Ich fasse den ganzen Satz in neue Worte, um die Beziehung zwischen den Elementen deutlich zu machen:
_1200 merkwürdige homöopathische Ärzte aus 50 Ländern behaupten hier etwas. Wenn auch nur die Hälfte davon stimmt, dann wird das Weltbild der allopathischen Ärzte in Frage gestellt oder gar zum Einsturz gebracht. Dieses Weltbild der allopathischen Ärzte ist gewachsen und gestanden, extrem verlässlich_.

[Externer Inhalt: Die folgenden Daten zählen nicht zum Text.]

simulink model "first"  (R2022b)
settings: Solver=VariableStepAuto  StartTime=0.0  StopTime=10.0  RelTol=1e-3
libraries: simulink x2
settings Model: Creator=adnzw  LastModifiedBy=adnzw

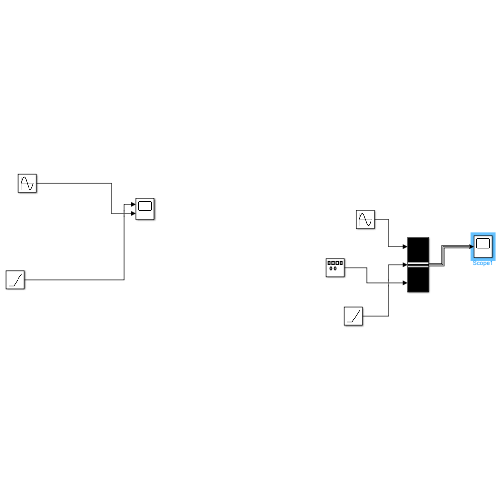
[thumbnail: Simulink's stored preview of the top-level diagram]
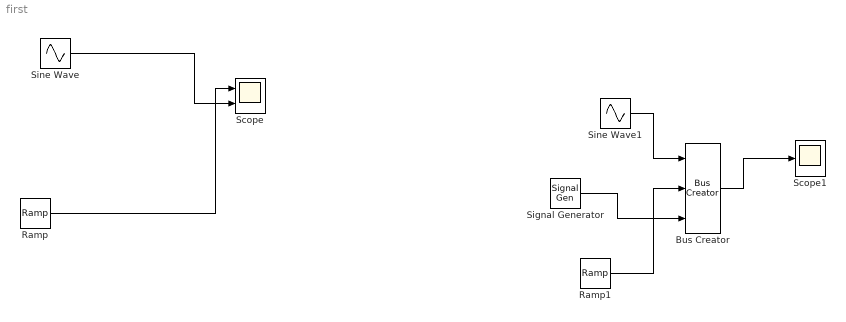
== system first ==
  Bus Creator : BusCreator  Inputs=3
  Ramp : simulink/Sources/Ramp  slope=1  start=0  InitialOutput=0
  Ramp1 : simulink/Sources/Ramp  slope=1  start=0  InitialOutput=0
  Scope : Scope  NumInputPorts=2
  Scope1 : Scope
  Signal Generator : SignalGenerator  WaveForm=square  Units=rad/sec
  Sine Wave : Sin  SampleTime=0
  Sine Wave1 : Sin  SampleTime=0
  wires:
  Ramp/1 -> Scope/1
  Sine Wave/1 -> Scope/2
  Sine Wave1/1 -> Bus Creator/1
  Ramp1/1 -> Bus Creator/2
  Bus Creator/1 -> Scope1/1
  Signal Generator/1 -> Bus Creator/3
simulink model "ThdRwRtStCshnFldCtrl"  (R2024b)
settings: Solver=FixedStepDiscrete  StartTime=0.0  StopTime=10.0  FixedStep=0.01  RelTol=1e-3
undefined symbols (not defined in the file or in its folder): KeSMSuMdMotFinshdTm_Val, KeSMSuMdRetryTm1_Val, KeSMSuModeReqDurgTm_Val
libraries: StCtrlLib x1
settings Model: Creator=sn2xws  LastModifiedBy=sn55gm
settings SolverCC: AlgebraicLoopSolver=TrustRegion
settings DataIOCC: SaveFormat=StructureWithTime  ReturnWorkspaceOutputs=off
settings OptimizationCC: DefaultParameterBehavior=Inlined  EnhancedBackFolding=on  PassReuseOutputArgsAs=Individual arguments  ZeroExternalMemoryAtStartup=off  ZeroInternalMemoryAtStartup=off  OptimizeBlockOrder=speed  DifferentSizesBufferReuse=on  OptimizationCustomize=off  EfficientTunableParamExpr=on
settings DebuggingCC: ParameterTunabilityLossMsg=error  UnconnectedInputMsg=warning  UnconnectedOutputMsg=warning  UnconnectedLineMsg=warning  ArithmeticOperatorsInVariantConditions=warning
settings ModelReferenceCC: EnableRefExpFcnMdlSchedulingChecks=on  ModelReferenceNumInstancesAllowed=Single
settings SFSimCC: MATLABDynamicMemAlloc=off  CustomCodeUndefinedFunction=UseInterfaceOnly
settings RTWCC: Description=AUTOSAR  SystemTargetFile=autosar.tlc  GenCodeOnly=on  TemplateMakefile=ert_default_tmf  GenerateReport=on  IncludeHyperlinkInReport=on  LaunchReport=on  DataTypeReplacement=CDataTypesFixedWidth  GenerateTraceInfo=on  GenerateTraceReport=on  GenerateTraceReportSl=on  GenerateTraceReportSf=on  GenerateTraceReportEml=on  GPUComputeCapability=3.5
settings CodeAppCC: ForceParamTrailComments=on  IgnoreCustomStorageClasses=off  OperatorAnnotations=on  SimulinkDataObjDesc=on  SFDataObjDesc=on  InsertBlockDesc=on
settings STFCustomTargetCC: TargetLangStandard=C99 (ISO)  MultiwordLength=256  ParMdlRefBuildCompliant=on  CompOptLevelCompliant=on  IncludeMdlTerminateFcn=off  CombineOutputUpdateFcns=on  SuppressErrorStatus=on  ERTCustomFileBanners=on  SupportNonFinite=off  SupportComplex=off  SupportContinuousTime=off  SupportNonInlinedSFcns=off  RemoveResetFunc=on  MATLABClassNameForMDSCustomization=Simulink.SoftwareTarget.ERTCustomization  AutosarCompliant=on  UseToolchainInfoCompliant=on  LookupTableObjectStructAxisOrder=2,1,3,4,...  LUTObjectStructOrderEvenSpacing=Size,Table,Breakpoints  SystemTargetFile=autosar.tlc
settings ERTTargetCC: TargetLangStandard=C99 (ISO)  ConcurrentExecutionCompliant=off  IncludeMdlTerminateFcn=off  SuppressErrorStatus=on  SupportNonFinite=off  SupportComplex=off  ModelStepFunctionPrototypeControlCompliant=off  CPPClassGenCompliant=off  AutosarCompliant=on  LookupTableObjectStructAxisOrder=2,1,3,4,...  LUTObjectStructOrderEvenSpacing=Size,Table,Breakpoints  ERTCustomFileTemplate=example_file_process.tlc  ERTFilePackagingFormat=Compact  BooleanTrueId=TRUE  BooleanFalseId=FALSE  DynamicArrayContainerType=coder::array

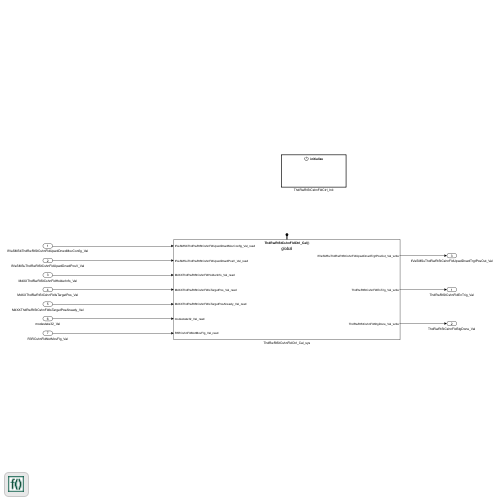
[thumbnail: Simulink's stored preview of the top-level diagram]
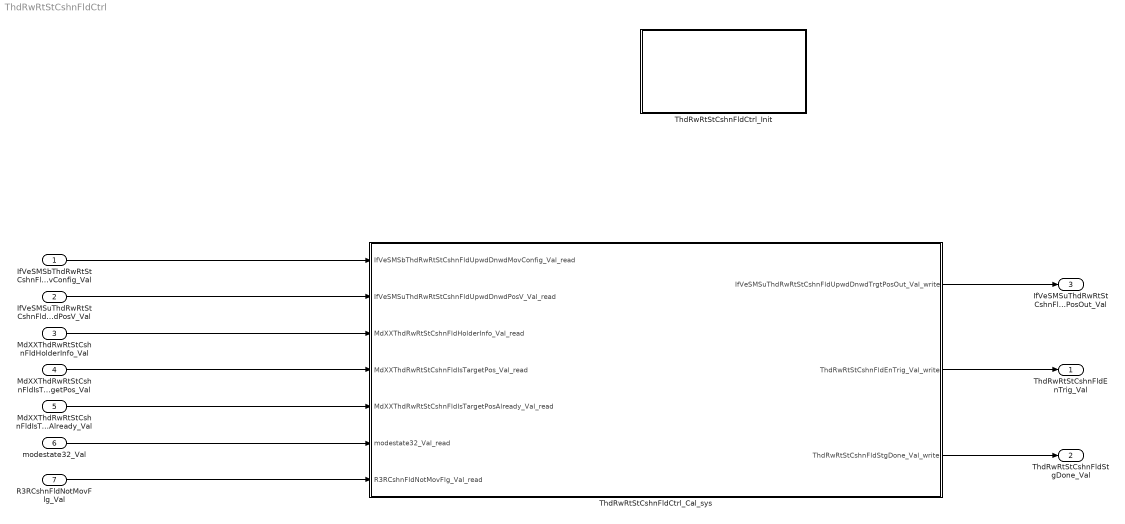
== system ThdRwRtStCshnFldCtrl ==
  IfVeSMSbThdRwRtStCshnFldUpwdDnwdMovConfig_Val : Inport  OutDataTypeStr=boolean  PortDimensions=1
  IfVeSMSuThdRwRtStCshnFldUpwdDnwdPosV_Val : Inport  Port=2  OutDataTypeStr=boolean  PortDimensions=1
  MdXXThdRwRtStCshnFldHolderInfo_Val : Inport  Port=3  OutDataTypeStr=uint32  PortDimensions=1
  MdXXThdRwRtStCshnFldIsTargetPos_Val : Inport  Port=4  OutDataTypeStr=uint32  PortDimensions=1
  MdXXThdRwRtStCshnFldIsTargetPosAlready_Val : Inport  Port=5  OutDataTypeStr=uint32  PortDimensions=1
  modestate32_Val : Inport  Port=6  OutDataTypeStr=uint32  PortDimensions=1
  R3RCshnFldNotMovFlg_Val : Inport  Port=7  OutDataTypeStr=boolean  PortDimensions=1
  ThdRwRtStCshnFldCtrl_Cal_sys : Subsystem
  ThdRwRtStCshnFldCtrl_Init : Subsystem
  ThdRwRtStCshnFldEnTrig_Val : Outport  OutDataTypeStr=boolean  PortDimensions=1  VectorParamsAs1DForOutWhenUnconnected=off
  ThdRwRtStCshnFldStgDone_Val : Outport  Port=2  OutDataTypeStr=boolean  PortDimensions=1  VectorParamsAs1DForOutWhenUnconnected=off
  IfVeSMSuThdRwRtStCshnFldUpwdDnwdTrgtPosOut_Val : Outport  Port=3  OutDataTypeStr=boolean  PortDimensions=1  VectorParamsAs1DForOutWhenUnconnected=off
  wires:
  IfVeSMSbThdRwRtStCshnFldUpwdDnwdMovConfig_Val/1 -> ThdRwRtStCshnFldCtrl_Cal_sys/1(IfVeSMSbThdRwRtStCshnFldUpwdDnwdMovConfig_Val_read)
  IfVeSMSuThdRwRtStCshnFldUpwdDnwdPosV_Val/1 -> ThdRwRtStCshnFldCtrl_Cal_sys/2(IfVeSMSuThdRwRtStCshnFldUpwdDnwdPosV_Val_read)
  MdXXThdRwRtStCshnFldHolderInfo_Val/1 -> ThdRwRtStCshnFldCtrl_Cal_sys/3(MdXXThdRwRtStCshnFldHolderInfo_Val_read)
  MdXXThdRwRtStCshnFldIsTargetPos_Val/1 -> ThdRwRtStCshnFldCtrl_Cal_sys/4(MdXXThdRwRtStCshnFldIsTargetPos_Val_read)
  MdXXThdRwRtStCshnFldIsTargetPosAlready_Val/1 -> ThdRwRtStCshnFldCtrl_Cal_sys/5(MdXXThdRwRtStCshnFldIsTargetPosAlready_Val_read)
  modestate32_Val/1 -> ThdRwRtStCshnFldCtrl_Cal_sys/6(modestate32_Val_read)
  R3RCshnFldNotMovFlg_Val/1 -> ThdRwRtStCshnFldCtrl_Cal_sys/7(R3RCshnFldNotMovFlg_Val_read)
  ThdRwRtStCshnFldCtrl_Cal_sys/1(IfVeSMSuThdRwRtStCshnFldUpwdDnwdTrgtPosOut_Val_write) -> IfVeSMSuThdRwRtStCshnFldUpwdDnwdTrgtPosOut_Val/1
  ThdRwRtStCshnFldCtrl_Cal_sys/2(ThdRwRtStCshnFldEnTrig_Val_write) -> ThdRwRtStCshnFldEnTrig_Val/1
  ThdRwRtStCshnFldCtrl_Cal_sys/3(ThdRwRtStCshnFldStgDone_Val_write) -> ThdRwRtStCshnFldStgDone_Val/1

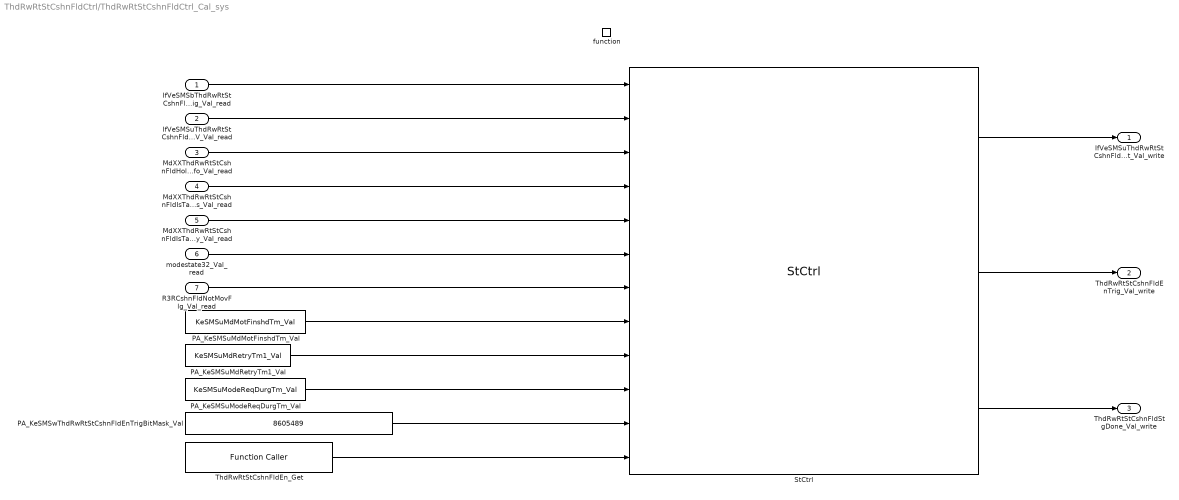
== system ThdRwRtStCshnFldCtrl/ThdRwRtStCshnFldCtrl_Cal_sys ==
  IfVeSMSbThdRwRtStCshnFldUpwdDnwdMovConfig_Val_read : Inport
  IfVeSMSuThdRwRtStCshnFldUpwdDnwdPosV_Val_read : Inport  Port=2
  MdXXThdRwRtStCshnFldHolderInfo_Val_read : Inport  Port=3
  MdXXThdRwRtStCshnFldIsTargetPos_Val_read : Inport  Port=4
  MdXXThdRwRtStCshnFldIsTargetPosAlready_Val_read : Inport  Port=5
  modestate32_Val_read : Inport  Port=6
  R3RCshnFldNotMovFlg_Val_read : Inport  Port=7
  function : TriggerPort  TriggerType=function-call  IsSimulinkFunction=on  FunctionName=ThdRwRtStCshnFldCtrl_Cal  VariantControl=(inherit)
  PA_KeSMSuMdMotFinshdTm_Val : Constant  Value=KeSMSuMdMotFinshdTm_Val
  PA_KeSMSuMdRetryTm1_Val : Constant  Value=KeSMSuMdRetryTm1_Val
  PA_KeSMSuModeReqDurgTm_Val : Constant  Value=KeSMSuModeReqDurgTm_Val
  PA_KeSMSwThdRwRtStCshnFldEnTrigBitMask_Val : Constant  Value=8605489  OutDataTypeStr=uint32
  StCtrl : StCtrlLib/StCtrl  SystemSampleTime=-1  VariantActivationTime=update diagram  AllowFlexibleInterface=on  Latency=0  AutoFrameSizeCalculation=off
  ThdRwRtStCshnFldEn_Get : FunctionCaller  FunctionPrototype=data = ThdRwRtStCshnFldEn_Get()  InputArgumentSpecifications=<Enter example>  OutputArgumentSpecifications=uint32(1)
  IfVeSMSuThdRwRtStCshnFldUpwdDnwdTrgtPosOut_Val_write : Outport  VectorParamsAs1DForOutWhenUnconnected=off
      settings: EnsureOutportIsVirtual=on
  ThdRwRtStCshnFldEnTrig_Val_write : Outport  Port=2  VectorParamsAs1DForOutWhenUnconnected=off
      settings: EnsureOutportIsVirtual=on
  ThdRwRtStCshnFldStgDone_Val_write : Outport  Port=3  VectorParamsAs1DForOutWhenUnconnected=off
      settings: EnsureOutportIsVirtual=on
  wires:
  StCtrl/1 -> IfVeSMSuThdRwRtStCshnFldUpwdDnwdTrgtPosOut_Val_write/1
  StCtrl/2 -> ThdRwRtStCshnFldEnTrig_Val_write/1
  StCtrl/3 -> ThdRwRtStCshnFldStgDone_Val_write/1
  PA_KeSMSwThdRwRtStCshnFldEnTrigBitMask_Val/1 -> StCtrl/11
  ThdRwRtStCshnFldEn_Get/1 -> StCtrl/12
  PA_KeSMSuMdMotFinshdTm_Val/1 -> StCtrl/8
  PA_KeSMSuModeReqDurgTm_Val/1 -> StCtrl/10
  PA_KeSMSuMdRetryTm1_Val/1 -> StCtrl/9
  MdXXThdRwRtStCshnFldHolderInfo_Val_read/1 -> StCtrl/3
  IfVeSMSuThdRwRtStCshnFldUpwdDnwdPosV_Val_read/1 -> StCtrl/2
  IfVeSMSbThdRwRtStCshnFldUpwdDnwdMovConfig_Val_read/1 -> StCtrl/1
  MdXXThdRwRtStCshnFldIsTargetPos_Val_read/1 -> StCtrl/4
  MdXXThdRwRtStCshnFldIsTargetPosAlready_Val_read/1 -> StCtrl/5
  modestate32_Val_read/1 -> StCtrl/6
  R3RCshnFldNotMovFlg_Val_read/1 -> StCtrl/7

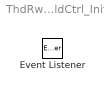
== system ThdRwRtStCshnFldCtrl/ThdRwRtStCshnFldCtrl_Init ==
  Event Listener : EventListener  EventName=reset
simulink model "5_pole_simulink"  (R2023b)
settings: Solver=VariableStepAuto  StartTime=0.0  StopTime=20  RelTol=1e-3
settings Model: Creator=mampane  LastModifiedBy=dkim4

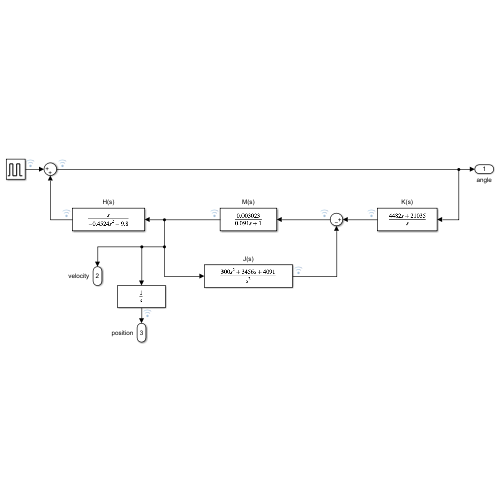
[thumbnail: Simulink's stored preview of the top-level diagram]
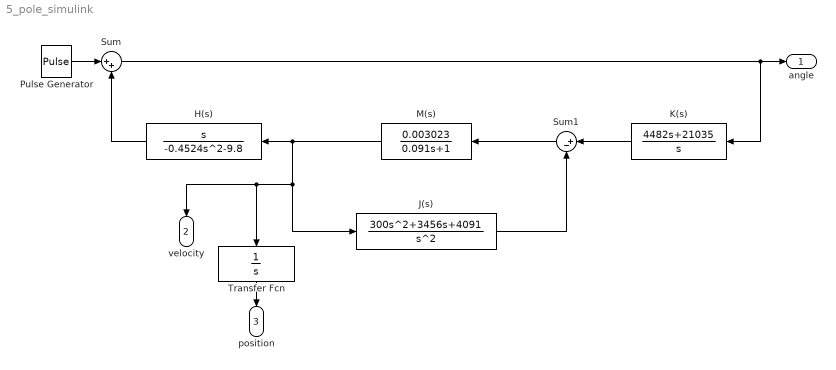
== system 5_pole_simulink ==
  H(s) : TransferFcn  Numerator=[1 0]  Denominator=[-0.4524 0 -9.8]
  J(s) : TransferFcn  Numerator=[300 3456 4091]  Denominator=[1 0 0]
  K(s) : TransferFcn  Numerator=[4482 21035]  Denominator=[1 0]
  M(s) : TransferFcn  Numerator=[0.003023]  Denominator=[0.091 1]
  Pulse Generator : DiscretePulseGenerator  PulseType=Time based  Amplitude=1/36  Period=10  PulseWidth=0.1
  Sum : Sum  Inputs=|++
  Sum1 : Sum  Inputs=|+-
  Transfer Fcn : TransferFcn  Denominator=[1 0]
  angle : Outport
  velocity : Outport  Port=2
  position : Outport  Port=3
  wires:
  Pulse Generator/1 -> Sum/1
  Sum/1 -> angle/1, K(s)/1
  K(s)/1 -> Sum1/1
  Sum1/1 -> M(s)/1
  M(s)/1 -> velocity/1, Transfer Fcn/1, J(s)/1, H(s)/1
  H(s)/1 -> Sum/2
  J(s)/1 -> Sum1/2
  Transfer Fcn/1 -> position/1

Ich hoffe, ich habe Dir damit helfen können.


----------



## Moster

Besten dank. Es hat mir doch sehr geholfen. Ich fand den Satz etwas merkwürdig auch.
MfG


----------



## blutorange2

Wenn man im letzten Teil ein paar Worte hinzufügt, klingt der Satz schon gleich viel besser:

...wenn nicht *schon* zum Einsturz, aber es klopft *es* doch *zumindenstens* mächtig an.


----------



## Moster

Vielen dank Blutorange2, da hast du auch Recht, den original Satz ist etwas kompliziert ausgedrückt.
besten Gruss.


----------



## Sowka

Hallo 



blutorange2 said:


> Wenn man im letzten Teil ein paar Worte hinzufügt, klingt der Satz schon gleich viel besser:
> 
> ...wenn nicht *schon* zum Einsturz, aber es klopft *es* doch *zumindestens* mächtig an.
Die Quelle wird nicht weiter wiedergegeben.